Please retype the entries below exactly, only from their first line through the line containing "import ezdxf", leaving every picture out.

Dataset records

◇ ◇ ◇ ◇

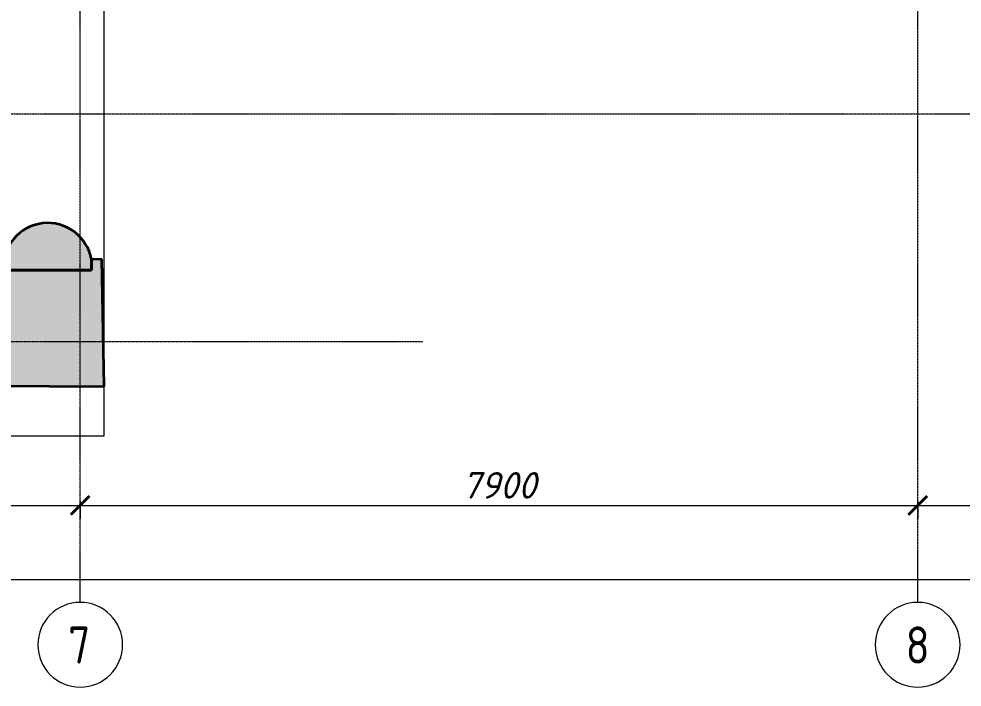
# Model space of a CAD drawing. Header units: millimetres. Extents: x 749182 to 2267578, y 70462 to 311449.
# Drawn here: x 1988751 to 1997650, y 70513 to 76818 of the extents above; entities that cross this region are included whole.
import ezdxf

# ---------------------------------------------------------------- set-up
doc = ezdxf.new("R2010")
doc.units = ezdxf.units.MM
doc.linetypes.add('ADSK_Линия сетки', pattern=[25, 20, -2.5, 0, -2.5])
doc.linetypes.add('осеваяX2', pattern=[4, 2.5, -0.5, 0.5, -0.5])
doc.layers.get('Defpoints').update_dxf_attribs({"color": 255})
for name, color, linetype, lineweight in [('Оси', 165, 'осеваяX2', 13), ('Перекрытие', 7, 'Continuous', 18), ('размеры', 7, 'Continuous', 9), ('Стены', 184, 'Continuous', 40), ('Стены разрез', 7, 'Continuous', 35)]:
    doc.layers.add(name, color=color, linetype=linetype, lineweight=lineweight)
doc.styles.add('М2', font='isocpeui.ttf')
doc.dimstyles.new('SPDS 1_100', dxfattribs={"dimscale": 100, "dimtxt": 2.5, "dimasz": 1.77, "dimexe": 1.25, "dimexo": 0.625, "dimtad": 1, "dimdec": 0, "dimrnd": 0.001, "dimzin": 9, "dimtxsty": 'М2', "dimblk": 'ARCHTICK', "dimcen": 2.5, "dimdle": 2, "dimclrt": 256, "dimadec": 0, "dimazin": 2, "dimtfac": 0.75, "dimtdec": 0, "dimtmove": 1, "dimatfit": 3, "dimfxl": 0, "dimtolj": 1, "dimlwd": 9, "dimlwe": 9, "dimarcsym": 0})

# ---------------------------------------------------------------- blocks, each defined once
blk = doc.blocks.new('Портик главного входа - Портик главного входа-658663-01 План 1-го этажа маркировочный')
at = {"layer": 'Стены'}
h = blk.add_hatch(color=256, dxfattribs=at)
h.paths.add_polyline_path([(22181.3, -2195.1), (22252.1, -2188.9), (22320.7, -2170.5), (22385.1, -2140.5), (22443.3, -2099.7), (22493.5, -2049.5), (22534.3, -1991.3), (22564.3, -1926.9), (22582.7, -1858.3), (22588.9, -1787.5), (22582.7, -1716.7), (22564.3, -1648.1), (22534.2, -1583.6), (22493.5, -1525.5), (22443.3, -1475.3), (22385.1, -1434.5), (22320.7, -1404.5), (22252.1, -1386.1), (22181.3, -1379.9), (22110.5, -1386.1), (22041.9, -1404.5), (21977.5, -1434.5), (21919.3, -1475.3), (21869.1, -1525.5), (21828.3, -1583.7), (21798.3, -1648.1), (21779.9, -1716.7), (21773.7, -1787.5), (21779.9, -1858.3), (21798.3, -1926.9), (21828.3, -1991.3), (21869.1, -2049.5), (21919.3, -2099.7), (21977.5, -2140.5), (22041.9, -2170.5), (22110.5, -2188.9)])
h.paths.add_polyline_path([(25122.4, -2192.3), (25192.9, -2186.2), (25261.2, -2167.9), (25325.3, -2138), (25383.2, -2097.4), (25433.2, -2047.4), (25473.7, -1989.5), (25503.9, -1924.3), (25521.9, -1857.1), (25528.1, -1786.7), (25521.9, -1716.2), (25503.6, -1647.9), (25473.6, -1583.6), (25433.2, -1525.9), (25383.2, -1475.9), (25325.3, -1435.4), (25261.2, -1405.5), (25192.9, -1387.2), (25122.4, -1381), (25052, -1387.2), (24983.7, -1405.5), (24919.6, -1435.4), (24861.7, -1475.9), (24811.7, -1525.9), (24771.1, -1583.9), (24741.3, -1647.9), (24723, -1716.2), (24716.8, -1786.7), (24723, -1857.1), (24741.3, -1925.4), (24771.1, -1989.5), (24811.7, -2047.4), (24861.7, -2097.4), (24919.6, -2138), (24983.7, -2167.9), (25052, -2186.2)])
h.paths.add_polyline_path([(28159.7, -2192.2), (28230.4, -2186), (28298.9, -2167.6), (28363.3, -2137.6), (28421.4, -2096.9), (28471.6, -2046.8), (28512.3, -1988.6), (28542.3, -1924.3), (28560.7, -1855.7), (28566.8, -1785), (28560.7, -1714.3), (28542.3, -1645.8), (28512.3, -1581.5), (28471.6, -1523.3), (28421.4, -1473.2), (28363.3, -1432.4), (28298.9, -1402.5), (28230.4, -1384.1), (28159.7, -1377.9), (28089, -1384.1), (28020.4, -1402.5), (27956.1, -1432.4), (27898, -1473.2), (27847.8, -1523.3), (27806.1, -1583.6), (27776.5, -1647.9), (27758.7, -1714.3), (27752.5, -1785), (27758.7, -1855.7), (27777.1, -1924.3), (27807.1, -1988.6), (27847.8, -2046.8), (27898, -2096.9), (27956.1, -2137.6), (28020.4, -2167.6), (28089, -2186)])
h.paths.add_polyline_path([(30184.6, -2189.9), (30184.6, -1372.4), (30157.5, -1372.4), (30088.4, -1382.7), (30021.9, -1404.7), (29960.1, -1437.7), (29904.9, -1480.7), (29857.8, -1532.5), (29820.2, -1591.5), (29793.3, -1656.1), (29777.7, -1724.4), (29774, -1794.3), (29782.3, -1863.8), (29802.4, -1930.9), (29833.5, -1993.6), (29874.9, -2050), (29925.3, -2098.6), (29983.2, -2137.9), (30047, -2166.7), (30114.8, -2184.2), (30184.2, -2189.9)])
h.paths.add_polyline_path([(20154.9, -2185.3), (20223.7, -2174.4), (20289.6, -2151.7), (20350.6, -2118.1), (20404.9, -2074.4), (20450.9, -2022), (20487.1, -1962.4), (20512.5, -1897.5), (20526.4, -1829.2), (20528.2, -1759.6), (20518, -1690.6), (20496, -1624.4), (20463, -1563.1), (20419.9, -1508.3), (20368, -1461.8), (20308.9, -1425), (20244.2, -1398.9), (20176.1, -1384.4), (20106.4, -1381.8), (20106.4, -2185.3), (20153.8, -2185.3)])
h.paths.add_polyline_path([(19707.3, -1170.1), (19896.6, -1170.1), (19892, -1101), (19875.6, -1033.6), (19848, -970), (19809.9, -912), (19762.6, -861.3), (19707.3, -819.5), (19645.7, -787.6), (19579.6, -766.7), (19510.9, -757.4), (19441.6, -759.9), (19373.8, -774.1), (19309.3, -799.7), (19250.1, -835.9), (19198, -881.6), (19154.4, -935.5), (19120.6, -996), (19097.7, -1061.5), (19086.1, -1129.8), (19086.1, -1170.1), (19645.7, -1170.1)])
h.paths.add_polyline_path([(31144.8, -1168), (31215.2, -1168), (31214.5, -1065.9), (31197, -1000.7), (31167.7, -936.9), (31128.2, -878.9), (31079.5, -828.2), (31023, -786.5), (30960.4, -754.8), (30893.3, -733.9), (30823.7, -724.6), (30753.5, -727.1), (30684.7, -741.3), (30619.2, -766.8), (30558.9, -802.8), (30505.5, -848.5), (30460.5, -902.4), (30425.2, -963.1), (30400.4, -1028.8), (30387.1, -1097.8), (30385.4, -1168), (31023, -1168)])
h.paths.add_polyline_path([(30758.4, 1304.5), (30824.8, 1315.5), (30888.3, 1337.8), (30947.1, 1370.6), (30999.3, 1413.1), (31043.5, 1463.9), (31078.3, 1521.5), (31103.9, 1590.2), (31116, 1650.2), (31117.7, 1717.5), (31204.8, 1717.5), (31205.3, 1910.8), (30304, 1921.5), (30313.9, 1754.8), (30320.7, 1698.8), (30333.2, 1643.7), (30351.3, 1590.2), (30374.7, 1527.1), (30408.5, 1468.9), (30451.9, 1417.5), (30503.5, 1374.2), (30561.7, 1340.4), (30624.9, 1317.1), (30691.1, 1305)])
h.paths.add_polyline_path([(19485.5, 1312.4), (19554.9, 1313.8), (19623, 1326.9), (19687.8, 1351.5), (19747.5, 1386.8), (19800.4, 1431.7), (19844.8, 1484.9), (19879.6, 1544.9), (19903.6, 1610), (19916.2, 1678.2), (19917, 1747.5), (19911.5, 1928.7), (19074.2, 1926.8), (19071.5, 1731.8), (19106.3, 1731.3), (19109.9, 1662), (19125.2, 1594.4), (19151.8, 1530.3), (19188.9, 1471.7), (19235.5, 1420.3), (19290.1, 1377.6), (19351.2, 1344.8), (19417, 1322.8)])
h = blk.add_hatch(color=256, dxfattribs=at)
h.paths.add_polyline_path([(20153.8, -2284.8), (20153.8, -2185.3), (20106.4, -2185.3), (20106.4, -1381.8), (20102.4, -1300.2), (19983.4, -1306.2), (19985.8, -1171.8), (19848, -1170.1), (19086.1, -1170.1), (19086.1, -1129.8), (18983.6, -1128.9), (18972.6, -2271.8), (20106.4, -2284.2)])
h.paths.add_polyline_path([(31336.4, -2265.7), (31336.4, -2265.6), (31313.8, -1065.9), (31215.2, -1068.6), (31215.2, -1168), (30385.4, -1168), (30303.6, -1169.4), (30305.7, -1289.8), (30157.5, -1289.9), (30157.6, -1372.4), (30184.6, -1372.4), (30184.6, -2260.3), (31215.2, -2265.1)])
at = {"layer": 'Стены разрез'}
for p, q in [((31313.8, -1065.9), (31215.2, -1068.6)), ((31336.4, -2265.7), (31313.8, -1065.9)), ((31215.2, -1068.6), (31215.2, -1168)), ((31215.2, -1168), (31215.2, -1068.6)), ((31215.2, -1168), (30385.4, -1168)), ((30385.4, -1168), (31215.2, -1168)), ((30184.2, -2260.3), (31336.4, -2265.7))]:
    blk.add_line(p, q, dxfattribs=at)
blk.add_arc((30803.3, -1142.8), 418.6, 10.20533, 183.45873, dxfattribs=at)
blk = doc.blocks.new('Ось сетки - Круг_Ø8 мм-6577-01 План 1-го этажа маркировочный')
at = {"layer": 'Оси', "linetype": 'Continuous', "lineweight": 20}
for start, end in [(360, 180), (180, 360)]:
    blk.add_arc((0, 0), 4, start, end, dxfattribs=at)
blk = doc.blocks.new('_ArchTick')
at = {"color": 0, "linetype": 'ByBlock', "const_width": 0.15}
blk.add_lwpolyline([(-0.5, -0.5), (0.5, 0.5)], dxfattribs=at)
blk = doc.blocks.new('*D2877')
at = {"layer": 'Defpoints', "color": 0, "lineweight": 20, "transparency": 16777216}
for p in [(1976830.1, 72328.1), (1989330.1, 72328.1), (1989330.1, 72228.1)]:
    blk.add_point(p, dxfattribs=at)
at = {"layer": 'размеры', "color": 0, "lineweight": 9, "transparency": 16777216}
for p, q in [((1976830.1, 72265.6), (1976830.1, 72103.1)), ((1989330.1, 72265.6), (1989330.1, 72103.1)), ((1976630.1, 72228.1), (1989530.1, 72228.1))]:
    blk.add_line(p, q, dxfattribs=at)
at = {"layer": 'размеры', "color": 0, "lineweight": 9, "transparency": 16777216, "xscale": 177, "yscale": 177, "zscale": 177, "rotation": 180}
blk.add_blockref('_ArchTick', (1976830.1, 72228.1), dxfattribs=at)
at = {"layer": 'размеры', "color": 0, "lineweight": 9, "transparency": 16777216, "xscale": 177, "yscale": 177, "zscale": 177}
blk.add_blockref('_ArchTick', (1989330.1, 72228.1), dxfattribs=at)
at = {"layer": 'размеры', "lineweight": 20, "transparency": 16777216, "insert": (1983080.1, 72415.6), "char_height": 250, "width": 711.842, "attachment_point": 5, "style": 'М2'}
blk.add_mtext('\\A1;12500', dxfattribs=at)
blk = doc.blocks.new('*D2878')
at = {"layer": 'Defpoints', "color": 0, "lineweight": 20, "transparency": 16777216}
for p in [(1989330.1, 72328.1), (1997230.1, 72328.1), (1997230.1, 72228.1)]:
    blk.add_point(p, dxfattribs=at)
at = {"layer": 'размеры', "color": 0, "lineweight": 9, "transparency": 16777216}
for p, q in [((1989330.1, 72265.6), (1989330.1, 72103.1)), ((1997230.1, 72265.6), (1997230.1, 72103.1)), ((1989130.1, 72228.1), (1997430.1, 72228.1))]:
    blk.add_line(p, q, dxfattribs=at)
at = {"layer": 'размеры', "color": 0, "lineweight": 9, "transparency": 16777216, "xscale": 177, "yscale": 177, "zscale": 177, "rotation": 180}
blk.add_blockref('_ArchTick', (1989330.1, 72228.1), dxfattribs=at)
at = {"layer": 'размеры', "color": 0, "lineweight": 9, "transparency": 16777216, "xscale": 177, "yscale": 177, "zscale": 177}
blk.add_blockref('_ArchTick', (1997230.1, 72228.1), dxfattribs=at)
at = {"layer": 'размеры', "lineweight": 20, "transparency": 16777216, "insert": (1993280.1, 72417.3), "char_height": 250, "width": 605.475, "attachment_point": 5, "style": 'М2'}
blk.add_mtext('\\A1;7900', dxfattribs=at)
blk = doc.blocks.new('*D2879')
at = {"layer": 'Defpoints', "color": 0, "lineweight": 20, "transparency": 16777216}
for p in [(1997230.1, 72328.1), (2000630.1, 72328.1), (2000630.1, 72228.1)]:
    blk.add_point(p, dxfattribs=at)
at = {"layer": 'размеры', "color": 0, "lineweight": 9, "transparency": 16777216}
for p, q in [((1997230.1, 72265.6), (1997230.1, 72103.1)), ((2000630.1, 72265.6), (2000630.1, 72103.1)), ((1997030.1, 72228.1), (2000830.1, 72228.1))]:
    blk.add_line(p, q, dxfattribs=at)
at = {"layer": 'размеры', "color": 0, "lineweight": 9, "transparency": 16777216, "xscale": 177, "yscale": 177, "zscale": 177, "rotation": 180}
blk.add_blockref('_ArchTick', (1997230.1, 72228.1), dxfattribs=at)
at = {"layer": 'размеры', "color": 0, "lineweight": 9, "transparency": 16777216, "xscale": 177, "yscale": 177, "zscale": 177}
blk.add_blockref('_ArchTick', (2000630.1, 72228.1), dxfattribs=at)
at = {"layer": 'размеры', "lineweight": 20, "transparency": 16777216, "insert": (1998930.1, 72415.6), "char_height": 250, "width": 625.93, "attachment_point": 5, "style": 'М2'}
blk.add_mtext('\\A1;3400', dxfattribs=at)
blk = doc.blocks.new('*D2891')
at = {"layer": 'Defpoints', "color": 0, "lineweight": 20, "transparency": 16777216}
for p in [(1952280.1, 71628.1), (2014130.1, 71628.1), (2014130.1, 71528.1)]:
    blk.add_point(p, dxfattribs=at)
at = {"layer": 'размеры', "color": 0, "lineweight": 9, "transparency": 16777216}
for p, q in [((1952280.1, 71565.6), (1952280.1, 71403.1)), ((2014130.1, 71565.6), (2014130.1, 71403.1)), ((1952080.1, 71528.1), (2014330.1, 71528.1))]:
    blk.add_line(p, q, dxfattribs=at)
at = {"layer": 'размеры', "color": 0, "lineweight": 9, "transparency": 16777216, "xscale": 177, "yscale": 177, "zscale": 177, "rotation": 180}
blk.add_blockref('_ArchTick', (1952280.1, 71528.1), dxfattribs=at)
at = {"layer": 'размеры', "color": 0, "lineweight": 9, "transparency": 16777216, "xscale": 177, "yscale": 177, "zscale": 177}
blk.add_blockref('_ArchTick', (2014130.1, 71528.1), dxfattribs=at)
at = {"layer": 'размеры', "lineweight": 20, "transparency": 16777216, "insert": (1983205.1, 71715.6), "char_height": 250, "width": 711.842, "attachment_point": 5, "style": 'М2'}
blk.add_mtext('\\A1;61850', dxfattribs=at)

msp = doc.modelspace()

# ---------------------------------------------------------------- linework, layer by layer
at = {"layer": 'Оси', "linetype": 'ADSK_Линия сетки'}
for p, q in [((1989330.1361, 71313.2448), (1989330.1361, 120151.4054)), ((1997230.1361, 71313.2448), (1997230.1361, 97285.4199)), ((1947134.001, 75923.407), (2009148.6289, 75923.407)), ((1947134.001, 73773.407), (1992562.5817, 73773.407))]:
    msp.add_line(p, q, dxfattribs=at)
at = {"layer": 'Перекрытие'}
for p, q in [((1989556.6213, 72884.0518), (1989556.6213, 77527.1088)), ((1977192.8695, 72884.0518), (1989556.6213, 72884.0518))]:
    msp.add_line(p, q, dxfattribs=at)

# ---------------------------------------------------------------- block references
at = {"layer": 'Оси', "lineweight": 20, "xscale": 99.99999999999993, "yscale": 99.99999999999993, "zscale": 99.99999999999993}
for p in [(1989330.1361, 70913.2448), (1997230.1361, 70913.2448)]:
    msp.add_blockref('Ось сетки - Круг_Ø8 мм-6577-01 План 1-го этажа маркировочный', p, dxfattribs=at)
at = {"layer": 'Стены'}
msp.add_blockref('Портик главного входа - Портик главного входа-658663-01 План 1-го этажа маркировочный', (1958220.2258, 75616.6187), dxfattribs=at)

# ---------------------------------------------------------------- texts
at = {"layer": 'Оси', "char_height": 350, "width": 274.177125, "attachment_point": 1, "style": 'М2'}
for s, insert in [('\\fGOST Common|b0|i0|c204|p34|;\\W.9;7', (1989216.3555, 71085.7782)), ('\\fGOST Common|b0|i0|c204|p34|;\\W.9;8', (1997116.3555, 71085.7782))]:
    msp.add_mtext(s, dxfattribs=dict(at, insert=insert))

# ---------------------------------------------------------------- dimensions: what is measured, and where the dimension line sits
at = {"layer": 'размеры', "lineweight": 20}
for base, p1, p2, picture, middle in [((1989330.1361, 72228.1439), (1976830.1361, 72328.1288), (1989330.1361, 72328.1288), '*D2877', (1983080.1361, 72415.6439)), ((1997230.1361, 72228.1439), (1989330.1361, 72328.1288), (1997230.1361, 72328.1288), '*D2878', (1993280.1361, 72417.2538)), ((2000630.1361, 72228.1439), (1997230.1361, 72328.1288), (2000630.1361, 72328.1288), '*D2879', (1998930.1361, 72415.6439)), ((2014130.1361, 71528.1439), (1952280.1361, 71628.1288), (2014130.1361, 71628.1288), '*D2891', (1983205.1361, 71715.6439))]:
    dim = msp.add_linear_dim(base=base, p1=p1, p2=p2, dimstyle='SPDS 1_100', dxfattribs=at)
    dim.commit()
    dim.dimension.update_dxf_attribs({"geometry": picture, "text_midpoint": middle})

doc.saveas('drawing.dxf')

◇ ◇ ◇ ◇

> **WRITTEN SOLUTION**:
# Model space of a CAD drawing. Header units: millimetres. Extents: x 749182 to 2267578, y 70462 to 311449.
# Drawn here: x 1988751 to 1997650, y 70513 to 76818 of the extents above; entities that cross this region are included whole.
import ezdxf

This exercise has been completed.